Although there are many definitions of service-learning, there are commonalities among the discussions regarding the practice. Service-learning teaching includes pedagogies that bring together academics with meaningful community service in a way that enriches both (Cone, 2009; Ehrlich, 1996). This occurs when students take specialized knowledge and skills learned in the classroom and/or laboratory and undertake projects in the community (Kalivas, 2008). Because of the academic component, service-learning is more than just community service (Education Commission of the States, 2002). Quality service-learning projects are designed with learning outcomes in mind and provide an opportunity for students to apply knowledge learned in the classroom within the community (Cone, 2009; Garner, 2011). The service-learning model has been successfully adapted to many educational and community needs (Billig, 2002). Service-learning conducted in a horticultural classroom improved student views toward community involvement and increased the understanding of course material, especially as alumni (Waliczek and Zajicek, 2010).

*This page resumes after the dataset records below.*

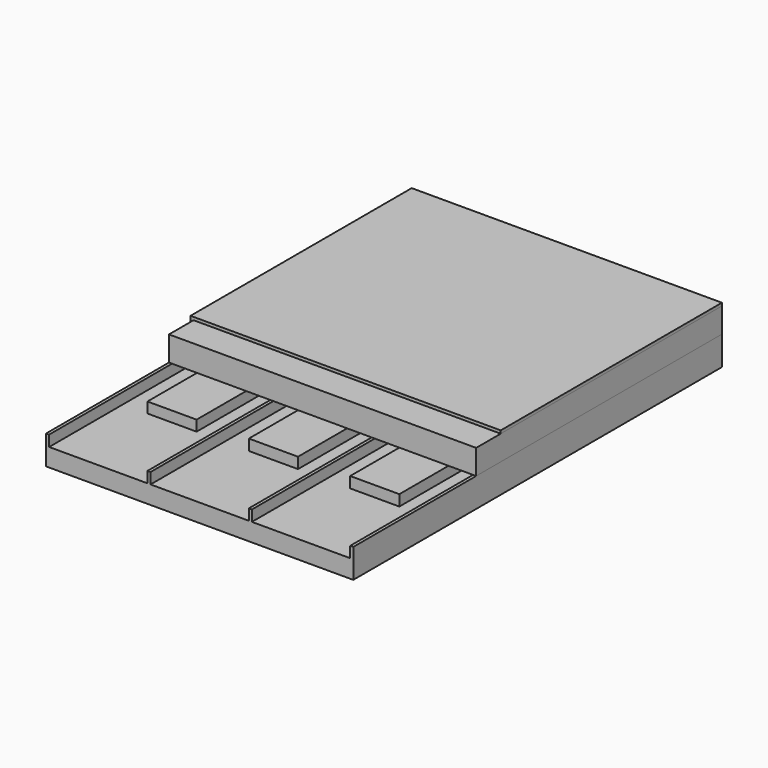
from build123d import *

# Parameters (mm, degrees)
F0_W     = 2.54
F0_H     = 9.0310877802
F1_DEPTH = 381
F0_W_2   = 40.64
F0_H_2   = 8.7648493582
F2_DEPTH = 304.8
F3_DEPTH = 254
F4_DEPTH = 228.6


with BuildPart() as f1:
    # F0 (on Front) → F1 (new body)
    with BuildSketch(Plane.XZ):
        Polygon((-153.5303335104, 7.8373091883), (-156.0703335104, 7.8373091883), (-156.0703335104, 0.3584396719), (-156.0703335104, -7.1204298445), (97.9296664896, -7.1204298445), (97.9296664896, 7.8373091883), (95.3896664896, 7.8373091883), (75.0696594866, 7.8373091883), (34.4296594866, 7.8373091883), (14.1096664896, 7.8373091883), (11.5696664896, 7.8373091883), (-8.7503335104, 7.8373091883), (-49.3903335104, 7.8373091883), (-69.7103335104, 7.8373091883), (-72.2503335104, 7.8373091883), (-92.5703335104, 7.8373091883), (-133.2103335104, 7.8373091883), align=None)
        with Locations((-154.8003335104, 12.3528530784)):
            Rectangle(F0_W, F0_H)
        with Locations((-70.9803335104, 12.3528530784)):
            Rectangle(F0_W, F0_H)
        with Locations((12.8396664896, 12.3528530784)):
            Rectangle(F0_W, F0_H)
        with Locations((96.6596664896, 12.3528530784)):
            Rectangle(F0_W, F0_H)
    extrude(amount=F1_DEPTH)


with BuildPart() as f2:
    # F0 (on Front) → F2 (new body)
    with BuildSketch(Plane.XZ):
        with Locations((-112.8903335104, 12.2197338674)):
            Rectangle(F0_W_2, F0_H_2)
    extrude(amount=F2_DEPTH)


with BuildPart() as f2b:
    # F0 (on Front) → F2, piece 2 (new body)
    with BuildSketch(Plane.XZ):
        with Locations((-29.0703335104, 12.3528530784)):
            Rectangle(F0_W_2, F0_H)
    extrude(amount=F2_DEPTH)


with BuildPart() as f2c:
    # F0 (on Front) → F2, piece 3 (new body)
    with BuildSketch(Plane.XZ):
        with Locations((54.7496594866, 12.3528530784)):
            Rectangle(F0_W_2, F0_H)
    extrude(amount=F2_DEPTH)


with BuildPart() as f3:
    # F0 (on Front) → F3 (new body)
    with BuildSketch(Plane.XZ):
        Polygon((-156.0703335104, 37.3410619795), (-156.0703335104, 16.8683969685), (-153.5303335104, 16.8683969685), (-72.2503335104, 16.8683969685), (-69.7103335104, 16.8683969685), (-49.3903335104, 16.8683969685), (-49.3903335104, 16.8913751841), (-8.7503335104, 16.8913751841), (-8.7503335104, 16.8683969685), (11.5696664896, 16.8683969685), (14.1096664896, 16.8683969685), (34.4296594866, 16.8683969685), (34.4296594866, 16.8852672009), (75.0696594866, 16.8852672009), (75.0696594866, 16.8683969685), (95.3896664896, 16.8683969685), (97.9296664896, 16.8683969685), (97.9296664896, 37.3410619795), align=None)
    extrude(amount=F3_DEPTH)


with BuildPart() as f4:
    # F0 (on Front) → F4 (new body)
    with BuildSketch(Plane.XZ):
        Polygon((-156.0703335104, 0.3584396719), (-156.0703335104, 7.8373091883), (-156.0703335104, 16.8683969685), (-156.0703335104, 37.3410619795), (97.9296664896, 37.3410619795), (97.9446843266, 39.7676415741), (-158.5593819618, 39.7676415741), (-158.5593819618, 0.3584396719), align=None)
    extrude(amount=F4_DEPTH)


solid = Compound([f1.part, f2.part, f2b.part, f2c.part, f3.part, f4.part])

Service-learning was found to impact students beyond the classroom in areas such as emotional growth both during and after their service experience (Largent, 2009). Research also found that service-learning affected both short and long-term identities of participants (Largent, 2009). Students who engaged in service-learning 2 to 4 years in the past suggested that their experiences in the service-learning classroom continued to influence their sense of self in terms of efficacy and empathy (Jones and Abes, 2004). Finally, research indicated that those participating in service-learning were more open to new experiences and ideas and were more aware of their own socioeconomic status and had an understanding that with privilege comes responsibility (Jones and Abes, 2004).
Quality of life is multidimensional and has been conceptualized as physical, psychological, environmental, social, and motivational states (Travaglini and Cosgrave, 2019). In the United States, employees spent an average of 34.4 h per week at the office, with many employees spending most of that time at a desk or workstation, which can lead to reduced job satisfaction and increased levels of stress and ill health (Duffin, 2019; Parker, 1990; Sparks et al., 2017; Spector, 1997). Studies have suggested that physical workplace environments influence psychological and physiological factors of employees, specifically job satisfaction, and that people benefit from interactions with plants and nature (Bringslimark et al., 2007; Dravigne et al., 2008).
This study aimed to document program fundraising over time and to measure the experiential value to the students and the quality of life benefits to the campus community.